NSW Rifle Assn v C of A

Case

[1998] HCATrans 76

No judgment structure available for this case.

IN THE HIGH COURT OF AUSTRALIA

Office of the Registry
  Sydney  No S97 of 1997

B e t w e e n -

NEW SOUTH WALES RIFLE ASSOCIATION INCORPORATED

Applicant

and

COMMONWEALTH OF AUSTRALIA

Respondent

Office of the Registry
  Sydney  No S98 of 1997

B e t w e e n -

NEW SOUTH WALES SMALLBORE AND AIR RIFLE ASSOCIATION INCORPORATED

Applicant

and

COMMONWEALTH OF AUSTRALIA

Respondent

Applications for special leave to appeal

McHUGH J
GUMMOW J

TRANSCRIPT OF PROCEEDINGS

AT SYDNEY ON FRIDAY, 13 MARCH 1998, AT 2.01 PM

Copyright in the High Court of Australia

_______________________

MR R.J. ELLICOTT, QC:   Your Honours, I appear with MR R.J.J. DARKE for the applicant.  (instructed by Hunt & Hunt)

MR J.J. GARNSEY, QC:   If your Honours please, I appear with MR G.L. RAFFELL for the respondent in this matter.  (instructed by the Australian Government Solicitor)

McHUGH J:   Yes, Mr Ellicott.

MR ELLICOTT:   Your Honours, can I just hand up a map that, by agreement, would satisfy the document at page 67.

McHUGH J:   Yes.

MR ELLICOTT:   Your Honours, there has, in this matter, been a great deal of disputation between the judges before whom this issue has come.  Mr Justice Waddell first dealt with it in the late 80s and your Honours have been give a copy of that judgment.  His Honour agreed with our submissions that the document was contractual in nature and, indeed, he said what we say, and that is it means what it says.

McHUGH J:   What does that mean?

MR ELLICOTT:   That means, your Honour, that when it says “land being no longer used as a rifle range” it is not confined to use by the Defence Forces or the

Commonwealth; it includes use by us, because that is the whole reason why we went there.  But I will come to that.

Before Justice Bryson, he ultimately came to the view that it was contractual.  Justice Powell, his view seemed to be, although it is not easy to grasp it completely, that because the consideration was illusory, therefore it was not contractual but he said, well, it was “an arrangement” and on that basis it terminated when the Defence Forces ‑ ‑ ‑

McHUGH J:   I think we are very familiar with the judgments and the reasoning and your time might be better ‑ ‑ ‑

MR ELLICOTT:   Your Honours, that will save me some time.  Your Honours, there are two questions of law of public importance, we say.  The first is as to those circumstances in which contractual relations exist between the Commonwealth, or a government, if you like, and a subject, and that was clearly involved in this.  The other question is, what would amount to consideration?  Here, although they had all the facts before them, they were unable below to see any consideration flowing to the Commonwealth from these particular events. 
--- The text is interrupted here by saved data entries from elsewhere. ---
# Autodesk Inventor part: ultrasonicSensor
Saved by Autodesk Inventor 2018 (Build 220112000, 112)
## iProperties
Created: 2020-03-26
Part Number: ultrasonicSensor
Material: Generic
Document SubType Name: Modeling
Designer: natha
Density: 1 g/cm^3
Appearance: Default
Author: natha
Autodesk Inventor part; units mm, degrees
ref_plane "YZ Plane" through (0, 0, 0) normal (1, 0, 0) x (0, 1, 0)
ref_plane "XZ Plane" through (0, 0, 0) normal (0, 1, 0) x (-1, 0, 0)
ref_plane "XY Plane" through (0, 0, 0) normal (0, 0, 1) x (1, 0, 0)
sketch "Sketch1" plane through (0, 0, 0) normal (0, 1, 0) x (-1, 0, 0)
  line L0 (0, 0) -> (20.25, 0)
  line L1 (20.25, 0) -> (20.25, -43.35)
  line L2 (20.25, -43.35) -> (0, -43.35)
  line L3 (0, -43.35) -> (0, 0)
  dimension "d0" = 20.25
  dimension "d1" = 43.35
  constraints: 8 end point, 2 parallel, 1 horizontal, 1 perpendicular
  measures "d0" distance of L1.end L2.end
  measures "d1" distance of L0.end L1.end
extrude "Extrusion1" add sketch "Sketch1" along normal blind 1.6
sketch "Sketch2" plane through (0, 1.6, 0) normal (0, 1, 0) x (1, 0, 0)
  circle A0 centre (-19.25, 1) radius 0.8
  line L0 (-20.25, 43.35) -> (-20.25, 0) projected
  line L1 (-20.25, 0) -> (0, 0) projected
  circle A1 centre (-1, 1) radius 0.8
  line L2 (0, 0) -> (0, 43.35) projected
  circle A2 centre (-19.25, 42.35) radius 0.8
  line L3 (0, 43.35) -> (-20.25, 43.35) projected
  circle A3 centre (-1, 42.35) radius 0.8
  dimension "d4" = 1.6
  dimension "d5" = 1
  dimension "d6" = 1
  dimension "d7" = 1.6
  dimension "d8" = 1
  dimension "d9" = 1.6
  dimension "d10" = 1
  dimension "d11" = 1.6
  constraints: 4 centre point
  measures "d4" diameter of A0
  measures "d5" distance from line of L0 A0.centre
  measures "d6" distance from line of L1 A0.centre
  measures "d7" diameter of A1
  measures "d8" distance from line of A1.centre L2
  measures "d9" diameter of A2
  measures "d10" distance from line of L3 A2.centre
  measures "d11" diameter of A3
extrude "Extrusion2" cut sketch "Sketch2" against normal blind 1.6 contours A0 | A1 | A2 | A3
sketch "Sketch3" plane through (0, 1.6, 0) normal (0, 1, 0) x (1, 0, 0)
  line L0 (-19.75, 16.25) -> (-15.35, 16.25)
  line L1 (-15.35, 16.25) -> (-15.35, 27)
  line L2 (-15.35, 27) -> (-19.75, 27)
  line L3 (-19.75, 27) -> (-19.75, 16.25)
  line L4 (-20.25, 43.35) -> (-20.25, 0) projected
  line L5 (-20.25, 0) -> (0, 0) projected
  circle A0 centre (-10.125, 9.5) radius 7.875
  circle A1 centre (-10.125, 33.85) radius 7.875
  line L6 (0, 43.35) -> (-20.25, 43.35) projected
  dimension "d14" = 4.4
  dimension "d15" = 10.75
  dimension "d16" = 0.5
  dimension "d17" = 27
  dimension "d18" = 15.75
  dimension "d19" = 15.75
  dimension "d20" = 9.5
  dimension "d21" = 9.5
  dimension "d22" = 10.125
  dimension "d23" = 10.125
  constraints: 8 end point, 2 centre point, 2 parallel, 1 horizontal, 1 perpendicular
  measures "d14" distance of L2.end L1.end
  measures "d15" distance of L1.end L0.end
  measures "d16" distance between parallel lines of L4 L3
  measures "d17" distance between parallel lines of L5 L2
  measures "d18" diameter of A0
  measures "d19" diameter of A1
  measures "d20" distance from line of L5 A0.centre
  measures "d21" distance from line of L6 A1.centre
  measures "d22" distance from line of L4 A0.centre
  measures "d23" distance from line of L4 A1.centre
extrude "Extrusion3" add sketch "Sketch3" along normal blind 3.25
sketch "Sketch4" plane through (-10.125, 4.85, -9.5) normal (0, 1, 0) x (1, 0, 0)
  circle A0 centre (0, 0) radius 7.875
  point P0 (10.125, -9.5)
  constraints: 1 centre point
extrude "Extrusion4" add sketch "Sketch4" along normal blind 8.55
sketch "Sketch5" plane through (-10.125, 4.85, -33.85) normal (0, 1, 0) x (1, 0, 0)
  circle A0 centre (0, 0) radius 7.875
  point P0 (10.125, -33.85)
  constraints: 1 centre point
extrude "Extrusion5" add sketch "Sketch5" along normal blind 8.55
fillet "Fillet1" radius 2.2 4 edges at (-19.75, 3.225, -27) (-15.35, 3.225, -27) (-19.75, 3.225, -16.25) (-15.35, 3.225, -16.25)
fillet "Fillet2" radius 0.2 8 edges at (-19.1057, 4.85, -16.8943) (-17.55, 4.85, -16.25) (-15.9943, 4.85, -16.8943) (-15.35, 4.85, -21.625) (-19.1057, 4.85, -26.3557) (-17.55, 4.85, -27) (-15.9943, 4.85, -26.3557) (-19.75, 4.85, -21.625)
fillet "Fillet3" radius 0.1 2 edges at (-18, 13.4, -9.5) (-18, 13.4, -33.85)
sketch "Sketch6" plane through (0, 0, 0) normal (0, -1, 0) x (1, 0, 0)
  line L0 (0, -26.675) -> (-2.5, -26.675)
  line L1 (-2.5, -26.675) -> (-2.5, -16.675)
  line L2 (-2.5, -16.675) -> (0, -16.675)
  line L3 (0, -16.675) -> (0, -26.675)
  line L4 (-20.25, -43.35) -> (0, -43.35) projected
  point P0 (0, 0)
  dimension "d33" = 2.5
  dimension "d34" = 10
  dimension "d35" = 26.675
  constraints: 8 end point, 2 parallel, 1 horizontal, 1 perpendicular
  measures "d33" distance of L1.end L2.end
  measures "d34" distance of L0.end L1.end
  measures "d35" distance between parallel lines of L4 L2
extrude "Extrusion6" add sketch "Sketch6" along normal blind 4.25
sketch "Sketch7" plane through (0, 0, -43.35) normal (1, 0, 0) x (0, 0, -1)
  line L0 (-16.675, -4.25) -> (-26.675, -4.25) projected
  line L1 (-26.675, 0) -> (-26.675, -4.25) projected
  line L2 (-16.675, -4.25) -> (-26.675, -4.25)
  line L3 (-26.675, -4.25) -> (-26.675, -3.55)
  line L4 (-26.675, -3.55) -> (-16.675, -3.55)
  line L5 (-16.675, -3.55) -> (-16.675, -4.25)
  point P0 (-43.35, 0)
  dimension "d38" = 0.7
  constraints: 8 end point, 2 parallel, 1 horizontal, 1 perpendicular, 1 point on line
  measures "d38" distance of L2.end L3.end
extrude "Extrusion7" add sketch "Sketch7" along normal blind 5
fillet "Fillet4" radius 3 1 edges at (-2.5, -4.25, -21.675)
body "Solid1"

What is consideration and what are legal relations and what is illusory, your Honours will recall, were dealt with in Placer Development v The Commonwealth and since then that decision has been the subject of some controversy amongst text writers, particularly, because one finds that whereas in those days there was a rather narrow view of what was contractual, even when the Commonwealth entered into what was called an agreement, since then there has been a more expansive view taken of what is an agreement.  Of course, the judgments of Justices Windeyer in particular, and also the judgment of Justice Menzies, have been referred to as applying what we would submit is the present law in relation to the matter.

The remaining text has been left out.